The ‘Bengal model’ for managing Type 1 diabetes (T1D)—an autoimmune condition commonly diagnosed in children and teenagers—is now attracting international attention. Several Southeast Asian countries have expressed interest in adopting the model to strengthen their own diabetes care programmes.
Currently implemented across 15 districts in West Bengal, the programme focuses on early detection, continuous management through free insulin distribution, structured referrals, and long-term rehabilitation. As a result, the initiative has significantly improved healthcare access for children living with T1D.
International Collaboration Begins
Recognising the success of the programme, Action4Diabetes (A4D), a UK-based organisation working with children and young adults with diabetes across Asia, has approached the West Bengal health department to study the model in detail.
State government officials confirmed that the organisation is keen to understand the design, implementation strategies, operational framework, and digital systems used in the programme.
Southeast Asian Countries Consider Adoption
According to sources, the West Bengal health department is preparing to share the detailed framework of the programme with countries that have shown interest in replicating it. These include Cambodia, Vietnam, Thailand, Malaysia, Myanmar, and the Philippines, among others.
Through this collaboration, health authorities in these countries aim to adapt the model to strengthen diabetes care systems for children and adolescents.

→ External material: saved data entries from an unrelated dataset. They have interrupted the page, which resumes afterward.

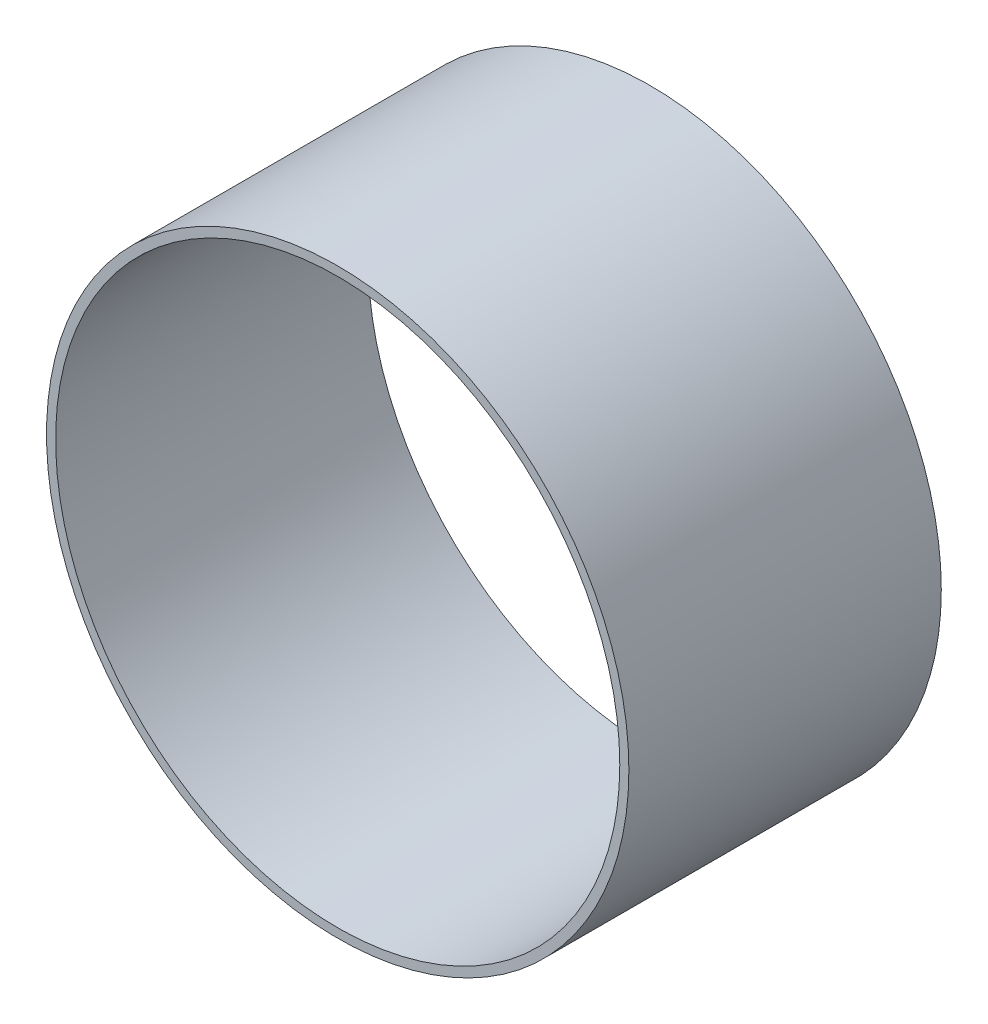
ISO-10303-21;
HEADER;
FILE_DESCRIPTION(('STEP AP214'),'2;1');
FILE_NAME('part.step','',(''),(''),'','','');
FILE_SCHEMA(('AUTOMOTIVE_DESIGN { 1 0 10303 214 1 1 1 1 }'));
ENDSEC;
DATA;
#1=APPLICATION_CONTEXT('core data for automotive mechanical design processes');
#2=APPLICATION_PROTOCOL_DEFINITION('international standard','automotive_design',2000,#1);
#3=PRODUCT_CONTEXT('',#1,'mechanical');
#4=PRODUCT('Part','Part','',(#3));
#5=PRODUCT_RELATED_PRODUCT_CATEGORY('part','',(#4));
#6=PRODUCT_DEFINITION_FORMATION('','',#4);
#7=PRODUCT_DEFINITION_CONTEXT('part definition',#1,'design');
#8=PRODUCT_DEFINITION('design','',#6,#7);
#9=PRODUCT_DEFINITION_SHAPE('','',#8);
#10=(LENGTH_UNIT() NAMED_UNIT(*) SI_UNIT(.MILLI.,.METRE.));
#11=(NAMED_UNIT(*) PLANE_ANGLE_UNIT() SI_UNIT($,.RADIAN.));
#12=(NAMED_UNIT(*) SI_UNIT($,.STERADIAN.) SOLID_ANGLE_UNIT());
#13=UNCERTAINTY_MEASURE_WITH_UNIT(LENGTH_MEASURE(1.E-05),#10,'distance_accuracy_value','');
#14=(GEOMETRIC_REPRESENTATION_CONTEXT(3) GLOBAL_UNCERTAINTY_ASSIGNED_CONTEXT((#13)) GLOBAL_UNIT_ASSIGNED_CONTEXT((#10,
#11,#12)) REPRESENTATION_CONTEXT('',''));
#15=CARTESIAN_POINT('',(0.,0.,0.));
#16=DIRECTION('',(0.,0.,1.));
#17=DIRECTION('',(1.,0.,0.));
#18=AXIS2_PLACEMENT_3D('',#15,#16,#17);
#19=CARTESIAN_POINT('',(0.,0.,58.5));
#20=DIRECTION('',(0.,0.,1.));
#21=DIRECTION('',(1.,0.,0.));
#22=AXIS2_PLACEMENT_3D('',#19,#20,#21);
#23=PLANE('',#22);
#24=CARTESIAN_POINT('',(0.,0.,58.5));
#25=DIRECTION('',(0.,0.,1.));
#26=DIRECTION('',(1.,0.,0.));
#27=AXIS2_PLACEMENT_3D('',#24,#25,#26);
#28=CIRCLE('',#27,96.);
#29=CARTESIAN_POINT('',(96.,0.,58.5));
#30=VERTEX_POINT('',#29);
#31=EDGE_CURVE('E10',#30,#30,#28,.T.);
#32=ORIENTED_EDGE('',*,*,#31,.T.);
#33=EDGE_LOOP('',(#32));
#34=FACE_BOUND('',#33,.T.);
#35=CARTESIAN_POINT('',(0.,0.,58.5));
#36=DIRECTION('',(0.,0.,1.));
#37=DIRECTION('',(1.,0.,0.));
#38=AXIS2_PLACEMENT_3D('',#35,#36,#37);
#39=CIRCLE('',#38,93.);
#40=CARTESIAN_POINT('',(93.,0.,58.5));
#41=VERTEX_POINT('',#40);
#42=EDGE_CURVE('E51',#41,#41,#39,.T.);
#43=ORIENTED_EDGE('',*,*,#42,.F.);
#44=EDGE_LOOP('',(#43));
#45=FACE_BOUND('',#44,.T.);
#46=ADVANCED_FACE('F36',(#34,#45),#23,.T.);
#47=CARTESIAN_POINT('',(0.,0.,-44.5));
#48=DIRECTION('',(0.,0.,1.));
#49=DIRECTION('',(1.,0.,0.));
#50=AXIS2_PLACEMENT_3D('',#47,#48,#49);
#51=PLANE('',#50);
#52=CARTESIAN_POINT('',(0.,0.,-44.5));
#53=DIRECTION('',(0.,0.,1.));
#54=DIRECTION('',(1.,0.,0.));
#55=AXIS2_PLACEMENT_3D('',#52,#53,#54);
#56=CIRCLE('',#55,96.);
#57=CARTESIAN_POINT('',(96.,0.,-44.5));
#58=VERTEX_POINT('',#57);
#59=EDGE_CURVE('E40',#58,#58,#56,.T.);
#60=ORIENTED_EDGE('',*,*,#59,.F.);
#61=EDGE_LOOP('',(#60));
#62=FACE_BOUND('',#61,.T.);
#63=CARTESIAN_POINT('',(0.,0.,-44.5));
#64=DIRECTION('',(0.,0.,1.));
#65=DIRECTION('',(1.,0.,0.));
#66=AXIS2_PLACEMENT_3D('',#63,#64,#65);
#67=CIRCLE('',#66,93.);
#68=CARTESIAN_POINT('',(93.,0.,-44.5));
#69=VERTEX_POINT('',#68);
#70=EDGE_CURVE('E53',#69,#69,#67,.T.);
#71=ORIENTED_EDGE('',*,*,#70,.T.);
#72=EDGE_LOOP('',(#71));
#73=FACE_BOUND('',#72,.T.);
#74=ADVANCED_FACE('F63',(#62,#73),#51,.F.);
#75=CARTESIAN_POINT('',(0.,0.,58.5));
#76=DIRECTION('',(0.,0.,-1.));
#77=DIRECTION('',(-1.,0.,0.));
#78=AXIS2_PLACEMENT_3D('',#75,#76,#77);
#79=CYLINDRICAL_SURFACE('',#78,96.);
#80=ORIENTED_EDGE('',*,*,#31,.F.);
#81=EDGE_LOOP('',(#80));
#82=FACE_BOUND('',#81,.T.);
#83=ORIENTED_EDGE('',*,*,#59,.T.);
#84=EDGE_LOOP('',(#83));
#85=FACE_BOUND('',#84,.T.);
#86=ADVANCED_FACE('F38',(#82,#85),#79,.T.);
#87=CARTESIAN_POINT('',(0.,0.,58.5));
#88=DIRECTION('',(0.,0.,-1.));
#89=DIRECTION('',(-1.,0.,0.));
#90=AXIS2_PLACEMENT_3D('',#87,#88,#89);
#91=CYLINDRICAL_SURFACE('',#90,93.);
#92=ORIENTED_EDGE('',*,*,#42,.T.);
#93=EDGE_LOOP('',(#92));
#94=FACE_BOUND('',#93,.T.);
#95=ORIENTED_EDGE('',*,*,#70,.F.);
#96=EDGE_LOOP('',(#95));
#97=FACE_BOUND('',#96,.T.);
#98=ADVANCED_FACE('F59',(#94,#97),#91,.F.);
#99=CLOSED_SHELL('',(#46,#74,#86,#98));
#100=MANIFOLD_SOLID_BREP('B2',#99);
#101=ADVANCED_BREP_SHAPE_REPRESENTATION('',(#18,#100),#14);
#102=SHAPE_DEFINITION_REPRESENTATION(#9,#101);
ENDSEC;
END-ISO-10303-21;

India’s First Structured Programme for Juvenile Diabetes
West Bengal is the first state in India to introduce a structured public health programme for children with Type 1 diabetes. In this condition, the pancreas loses its ability to produce insulin, which leads to dangerously high blood sugar levels and requires lifelong insulin therapy.
A team from the Endocrinology Department at IPGMER-SSKM Hospital, led by Professor Sujoy Ghosh, designed and developed the model.
Initially launched as a pilot project in five districts in 2022, the programme has since expanded to 15 districts. Officials are now considering extending it to 13 additional districts, further broadening its reach.
Other Indian States Also Show Interest
As reported by TOI, the programme’s success has also drawn attention within India. Eight other states are currently exploring similar models to strengthen care for children with juvenile diabetes.
State Principal Health Secretary Narayan Swaroop Nigam confirmed the growing interest in the initiative.
“The Bengal model for T1D is now a published work. We should support others if they wish to replicate such effective healthcare practices,” he said.
Nigam also noted that A4D Regional Manager Fiona Ooi wrote to Professor Sujoy Ghosh of SSKM Hospital, seeking guidance on implementing the model in other countries.
Focus on Data, Technology and Governance
In its communication, Action4Diabetes requested detailed information about several operational aspects of the programme. Specifically, the organisation wants a demonstration of the software platform used for patient management, along with insights into implementation processes, governance structures, and data management systems.
“Our intention is to learn from and adopt the most effective and relevant aspects of the West Bengal model, adapting these insights to strengthen T1D programmes across Southeast Asia,” the organisation stated in its letter.
Supported by UNICEF and National Health Mission
The Bengal T1D programme operates through non-communicable disease (NCD) clinics and currently supports around 1,700 children. It receives support from UNICEF and the National Health Mission (NHM).
Importantly, the programme also maintains comprehensive data records, documenting clinical outcomes, treatment adherence, and the economic burden faced by families. This structured data-driven approach has helped improve care delivery and programme monitoring.
Improved Access and Zero Mortality
Reflecting on the programme’s progress, Professor Sujoy Ghosh, who spearheaded the initiative, highlighted its impact on accessibility and patient outcomes.
“In the beginning, we had barely 100 children when the clinic started at SSKM. Today, this model has significantly improved accessibility, enabling us to diagnose more children and ensure continuous care. Although the number of patients has increased, we have recorded zero deaths due to this sustainable care model,” he said.
Experts Likely to Share Knowledge Globally
Once the state health department grants formal approval, Professor Ghosh and his team are expected to share their expertise with Action4Diabetes to facilitate the model’s adaptation in other countries.
If implemented successfully, the Bengal model could become an important blueprint for strengthening Type 1 diabetes care for children across Southeast Asia, improving both access to treatment and long-term health outcomes.